The Florence Union wrote:(1)What is the common thought across the Transgender or LGBTQUA$BI community about swapping genders or making the change at a young age? For instance there is a seven year old girl in Texas who was a boy and became a girl at around age 6.
Personally, I think such a move is quite drastic and can lead to huge mistakes. 2)If I got my way when I was three, I would be a border collie right now. Or a girl. 3)Young people aren't mature enough to decide what course of action they want to take in their life. Such a well thought out move is only possible given the proper education and growing up. A kid at age 7 doesn't even have a proper grasp of morals, religion, politics and language, let alone gender or expression. Encouraging your kid to chop their balls off at age 6 is as bad (if not worse) then indoctrinating your kid into whatever religion and politic stand point you go by. 4)Such a move could lead to huge regrets later in life when you realize you have a hard on for girls and your no longer into barbie dolls and long hair.
But I digress.
I'm curios on thoughts from actual Trans people on this subject, and that's my bad if someone has already asked this question because it probably already has but I am too lazy to read back and search for it.
FAKE NEWS article about this kid and trannie bathrooms.

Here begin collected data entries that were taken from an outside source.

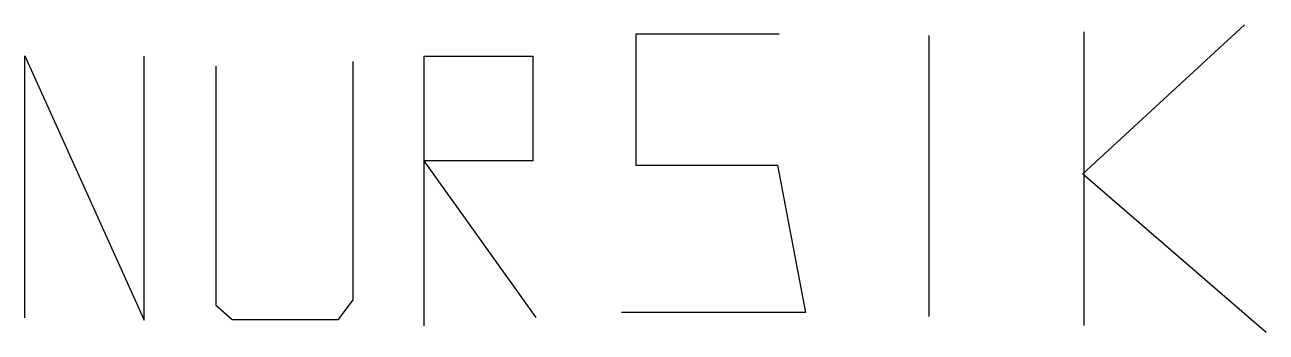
# Model space of a CAD drawing. Header units: millimetres. Extents: x 643 to 2865, y 461 to 1010.
import ezdxf

# ---------------------------------------------------------------- set-up
doc = ezdxf.new("R2010")
doc.units = ezdxf.units.MM
for name, color, linetype in [('Nirik B700 H780', 130, 'Continuous'), ('Nurs B500  H900', 10, 'Continuous'), ('Nurs B700 H200', 80, 'Continuous'), ('Nurs b700 h500', 170, 'Continuous'), ('Nurs1 b400 H700', 240, 'Continuous')]:
    doc.layers.add(name, color=color, linetype=linetype)

msp = doc.modelspace()

# ---------------------------------------------------------------- linework, layer by layer
at = {"layer": 'Nirik B700 H780'}
for p, q in [((2539.1, 997.7), (2539.1, 472.9)), ((985.1, 936.3), (985.1, 508.8)), ((1231.3, 518.7), (1231.3, 944.7)), ((1553, 954.5), (1553, 767)), ((1553, 767), (1357.9, 767)), ((1357.9, 767), (1557.8, 486.8)), ((1204.6, 483.5), (1231.3, 518.7)), ((985.1, 508.8), (1014.7, 483.5)), ((1014.7, 483.5), (1204.6, 483.5))]:
    msp.add_line(p, q, dxfattribs=at)
at = {"layer": 'Nurs B500  H900'}
for p, q in [((2826.4, 1010.5), (2537.3, 743.9)), ((2261.3, 991.3), (2261.3, 488.9)), ((643.4, 486.2), (643.4, 954.8)), ((2537.3, 743.9), (2865.3, 460.7))]:
    msp.add_line(p, q, dxfattribs=at)
at = {"layer": 'Nurs B700 H200'}
for p, q in [((643.4, 954.8), (856.9, 482)), ((856.9, 482), (856.9, 954.5)), ((1357.9, 954.5), (1357.9, 472.3)), ((1357.9, 954.5), (1553, 954.5))]:
    msp.add_line(p, q, dxfattribs=at)
at = {"layer": 'Nurs b700 h500'}
for p, q in [((1993.7, 993.6), (1737.3, 993.6)), ((1737.3, 993.6), (1737.3, 759.3)), ((1737.3, 759.3), (1990.9, 759.3))]:
    msp.add_line(p, q, dxfattribs=at)
at = {"layer": 'Nurs1 b400 H700'}
for p, q in [((1990.9, 759.3), (2040.9, 495.7)), ((2040.9, 495.7), (1711.4, 495.7))]:
    msp.add_line(p, q, dxfattribs=at)

doc.saveas('drawing.dxf')

http://www.cnn.com/2017/08/03/health/tr ... index.html
Now, I'm only questioning, not verified trans, and make no claims to be an expert on the matter, but, here are a few little notes that might clarify this for you:
1) In a general sense, the general consensus among the LGBTQ community is usually somewhere along the lines of not doing anything irreversible, like your example of castration, until sometime near where most kids start puberty, the puberty of their physical sex usually only being suppressed, so it may continue normally in the event that there's a false flag. So that's the physical side of things. On an emotional and presentational level, however, the child in question is usually accepted within the range of what the parents or guardians feel is safe for their child, which mostly depends on whether the environment they're in has potential for major bullying/ostracisation over the child in question's transition from their assigned gender to the one they actually feel to be.
2) That may be you, though this sort of thing isn't one and the same. Perhaps you as a three year old thought it might be fun to be a border collie, but I don't think you felt repulsed by the idea of being your assigned sex and gender based on your comment, so I understand your confusion.
3) Again, this actually is taken into account. Permenant physical changes are rarely, if ever, on the table for preteens, and teens are rarely given surgical options. The doctors who work with transgendered individuals are medical professionals, after all. They are by no means stupid.
4) This is what one might refer to as a common misconception. In the frankly uncommon cases where this happens, the individuals in question either had parents who overreacted to a child's rambling, notably different from a persistent insistence on something, or to people who took a hypothetical scenario too far. Again, I must stress that these situations are rare, as there is a fairly, sometimes almost excessively, complex system in place in most places that offer medical services for transgendered individuals that, if only for the fact of the pure beaurocratic nightmare it is, makes it so that transgender people are the only ones who will tolerate it to get what they need. I say need because, unlike in the scenario that you present, being transgender usually implies that the person in question no longer has desire to transition, but rather needs to transition to their preferred gender to continue to be able to live a healthy and happy life.
Now, the way I've described it, which I'm sure is a bit excessively complex, may make it sound as if being transgender is a mental disorder. Now this question is rather tricky. It is certainly not a mental disorder, but it doesn't quite fit right with physical disorders either, leaving it in a limbo. The best analogy is trying to fit the cylindrical piece of a child's play set into a square hole, the hole being the body and the piece being the brain. Sure it fits in the hole, but it doesn't quite look or feel right. It's simply that the two pieces don't match well.
Transferring(badum tiss) this into real life, it's a matter of a transgender person's mind not fitting right in their body as it is. So, when something doesn't fit right, we fix it. In the case of transgender people, transitioning is more or less what one might refer to as 'the cure'. I use quotations because referring to being transgender as an illness, as implied by cure, is a touchy subject.
Hope I could help shed a bit of convoluted light on the subject.